The blog post about Subdomain Enumeration in the APNIC blog provides a great overview of the techniques, defenses, and tools for it. Subdomain enumeration is the act of learning available subdomains in a zone using DNSSEC. This is with NSEC records and somewhat harder with NSEC3, due to hashing of names. The blog goes explains how online signing can combat subdomain enumeration, using the white lies or the black lies strategies. Lastly, it links to tools for performing these attacks.


TLS, byte-by-byte

https://bytebybyte.dev/

TLS | Tutorial

The website shows and annotates a real TLS handshake for the website. It shows each message that is transferred and explaines the values that are seen. For this a JavaScript TLS library is used that communicates with the website. The communication is then displayed.






The Illustrated QUIC Connection

https://quic.xargs.org/

QUIC | TLS | Tutorial

The website shows an example QUIC connection and displays the messages sent by client and server. The visualization contains the transferred messages and computation steps that need to be performed on each side. The visualization contains explanations of the steps including code snippets. Each byte for the transferred messages has further annotations to it.

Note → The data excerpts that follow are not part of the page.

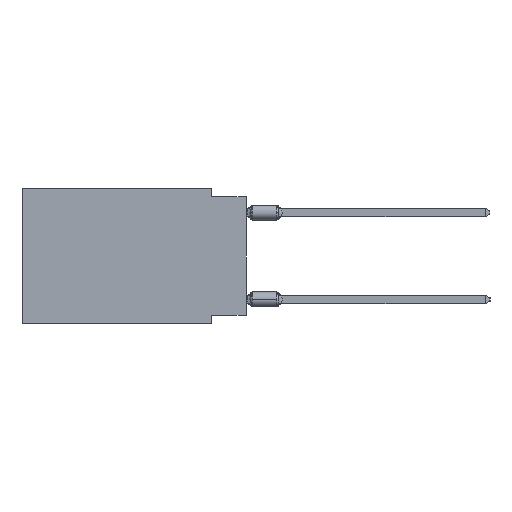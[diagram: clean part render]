
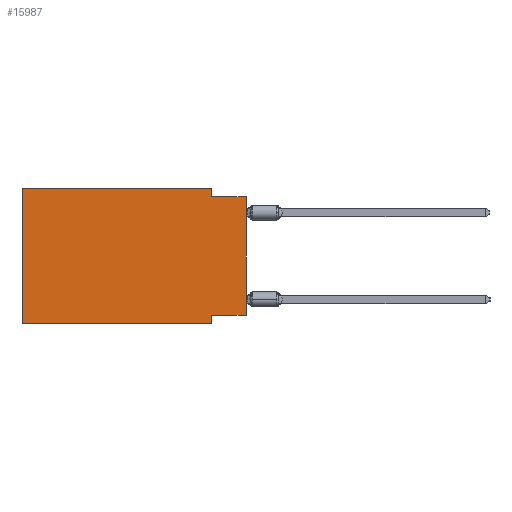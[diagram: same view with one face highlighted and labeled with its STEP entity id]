
A CAD part, left-side view. The second image highlights one B-rep face of the part: STEP entity #15987.
In plain terms, the highlighted planar face has unit normal (-1, 0, 0).
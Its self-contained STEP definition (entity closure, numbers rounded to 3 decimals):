
#138 = VECTOR ( 'NONE', #18558, 1000. ) ;
#606 = FACE_OUTER_BOUND ( 'NONE', #16919, .T. ) ;
#797 = CARTESIAN_POINT ( 'NONE',  ( 0., 16.383, 0. ) ) ;
#899 = AXIS2_PLACEMENT_3D ( 'NONE', #32472, #6399, #27067 ) ;
#4549 = CARTESIAN_POINT ( 'NONE',  ( 0., 0., 0. ) ) ;
#4721 = CARTESIAN_POINT ( 'NONE',  ( 0., 0., -9.271 ) ) ;
#5237 = VECTOR ( 'NONE', #37401, 1000. ) ;
#5254 = CARTESIAN_POINT ( 'NONE',  ( 0., 0., -9.271 ) ) ;
#6399 = DIRECTION ( 'NONE',  ( 1., 0., 0. ) ) ;
#6599 = LINE ( 'NONE', #33054, #138 ) ;
#6696 = VERTEX_POINT ( 'NONE', #7004 ) ;
#6927 = EDGE_CURVE ( 'NONE', #26237, #23334, #37718, .T. ) ;
#7004 = CARTESIAN_POINT ( 'NONE',  ( 0., 16.383, -9.906 ) ) ;
#8587 = EDGE_CURVE ( 'NONE', #6696, #16137, #37341, .T. ) ;
#8696 = EDGE_CURVE ( 'NONE', #6696, #23723, #14704, .T. ) ;
#9761 = VECTOR ( 'NONE', #24635, 1000. ) ;
#9945 = CARTESIAN_POINT ( 'NONE',  ( 0., 0., -0.635 ) ) ;
#10417 = ORIENTED_EDGE ( 'NONE', *, *, #11054, .T. ) ;
#10421 = VECTOR ( 'NONE', #21475, 1000. ) ;
#11054 = EDGE_CURVE ( 'NONE', #26237, #32345, #22712, .T. ) ;
#13528 = CARTESIAN_POINT ( 'NONE',  ( 0., 2.54, -9.271 ) ) ;
#14315 = CARTESIAN_POINT ( 'NONE',  ( 0., 16.383, -9.906 ) ) ;
#14704 = LINE ( 'NONE', #797, #10421 ) ;
#15359 = LINE ( 'NONE', #9945, #9761 ) ;
#15416 = VERTEX_POINT ( 'NONE', #22159 ) ;
#15442 = ORIENTED_EDGE ( 'NONE', *, *, #20647, .F. ) ;
#15987 = ADVANCED_FACE ( 'NONE', ( #606 ), #26671, .F. ) ;
#16137 = VERTEX_POINT ( 'NONE', #24558 ) ;
#16822 = DIRECTION ( 'NONE',  ( 0., 1., 0. ) ) ;
#16919 = EDGE_LOOP ( 'NONE', ( #10417, #32544, #15442, #29566, #27355, #28868, #22394, #31392 ) ) ;
#17910 = DIRECTION ( 'NONE',  ( 0., 0., -1. ) ) ;
#18164 = VECTOR ( 'NONE', #31061, 1000. ) ;
#18558 = DIRECTION ( 'NONE',  ( 0., -1., 0. ) ) ;
#20647 = EDGE_CURVE ( 'NONE', #36887, #15416, #28176, .T. ) ;
#21475 = DIRECTION ( 'NONE',  ( 0., 0., 1. ) ) ;
#21770 = CARTESIAN_POINT ( 'NONE',  ( 0., 2.54, 0. ) ) ;
#22159 = CARTESIAN_POINT ( 'NONE',  ( 0., 2.54, -0.635 ) ) ;
#22394 = ORIENTED_EDGE ( 'NONE', *, *, #29772, .F. ) ;
#22712 = LINE ( 'NONE', #4549, #5237 ) ;
#23334 = VERTEX_POINT ( 'NONE', #13528 ) ;
#23723 = VERTEX_POINT ( 'NONE', #37420 ) ;
#24526 = CARTESIAN_POINT ( 'NONE',  ( 0., 2.54, -9.906 ) ) ;
#24558 = CARTESIAN_POINT ( 'NONE',  ( 0., 2.54, -9.906 ) ) ;
#24635 = DIRECTION ( 'NONE',  ( 0., -1., 0. ) ) ;
#25166 = EDGE_CURVE ( 'NONE', #15416, #32345, #15359, .T. ) ;
#26120 = DIRECTION ( 'NONE',  ( 0., -1., 0. ) ) ;
#26237 = VERTEX_POINT ( 'NONE', #4721 ) ;
#26671 = PLANE ( 'NONE',  #899 ) ;
#26990 = CARTESIAN_POINT ( 'NONE',  ( 0., 2.54, 0. ) ) ;
#27067 = DIRECTION ( 'NONE',  ( 0., 0., -1. ) ) ;
#27355 = ORIENTED_EDGE ( 'NONE', *, *, #8696, .F. ) ;
#28176 = LINE ( 'NONE', #26990, #32122 ) ;
#28868 = ORIENTED_EDGE ( 'NONE', *, *, #8587, .T. ) ;
#29566 = ORIENTED_EDGE ( 'NONE', *, *, #31812, .F. ) ;
#29772 = EDGE_CURVE ( 'NONE', #23334, #16137, #33784, .T. ) ;
#30663 = VECTOR ( 'NONE', #16822, 1000. ) ;
#30801 = VECTOR ( 'NONE', #26120, 1000. ) ;
#31061 = DIRECTION ( 'NONE',  ( 0., 0., -1. ) ) ;
#31392 = ORIENTED_EDGE ( 'NONE', *, *, #6927, .F. ) ;
#31812 = EDGE_CURVE ( 'NONE', #23723, #36887, #6599, .T. ) ;
#32122 = VECTOR ( 'NONE', #17910, 1000. ) ;
#32345 = VERTEX_POINT ( 'NONE', #37234 ) ;
#32472 = CARTESIAN_POINT ( 'NONE',  ( 0., 16.383, 0. ) ) ;
#32544 = ORIENTED_EDGE ( 'NONE', *, *, #25166, .F. ) ;
#33054 = CARTESIAN_POINT ( 'NONE',  ( 0., 16.383, 0. ) ) ;
#33784 = LINE ( 'NONE', #24526, #18164 ) ;
#36887 = VERTEX_POINT ( 'NONE', #21770 ) ;
#37234 = CARTESIAN_POINT ( 'NONE',  ( 0., 0., -0.635 ) ) ;
#37341 = LINE ( 'NONE', #14315, #30801 ) ;
#37401 = DIRECTION ( 'NONE',  ( 0., 0., 1. ) ) ;
#37420 = CARTESIAN_POINT ( 'NONE',  ( 0., 16.383, 0. ) ) ;
#37718 = LINE ( 'NONE', #5254, #30663 ) ;

The Illustrated TLS 1.3 Connection

https://tls13.xargs.org/

TLS | Tutorial

The website shows an example TLS 1.3 session and displays the messages sent by client and server. The visualization contains the transferred messages and computation steps that need to be performed on each side. The visualization contains explanations of the steps including code snippets. Each byte for the transferred messages has further annotations to it.


Tour of Rust

https://tourofrust.com/

Rust | Tutorial

Welcome to the Tour of Rust. This is meant to be a step by step guide through the features of the Rust programming language. Rust is often considered a language with a steep learning curve, but I hope I can convince you there's a lot to explore before we even get to complex parts.

The Tour of Rust is available in many languages.


explain.rs

https://jrvidal.github.io/explaine.rs/

Rust | Tutorial

explaine.rs is an interactive playground to explore the syntax of the Rust Programming Language.

You can write any Rust code in the editor and the analyzer will allow you to click/tap on different keywords, punctuation elements and other bits of code and help you understand what they mean.


how2heap: Educational Heap Exploitation

https://github.com/shellphish/how2heap

CTF | Tutorial

This repo is for learning various heap exploitation techniques. We use Ubuntu's Libc releases as the gold-standard. Each technique is verified to work on corresponding Ubuntu releases. You can run apt source libc6 to download the source code of the Libc your are using on Debian-based operating system. You can also click ⏵ to debug the technique in your browser using gdb.

Besides the hep exploitation examples the repo also contains references to helpful tools and further information about heap exploitation.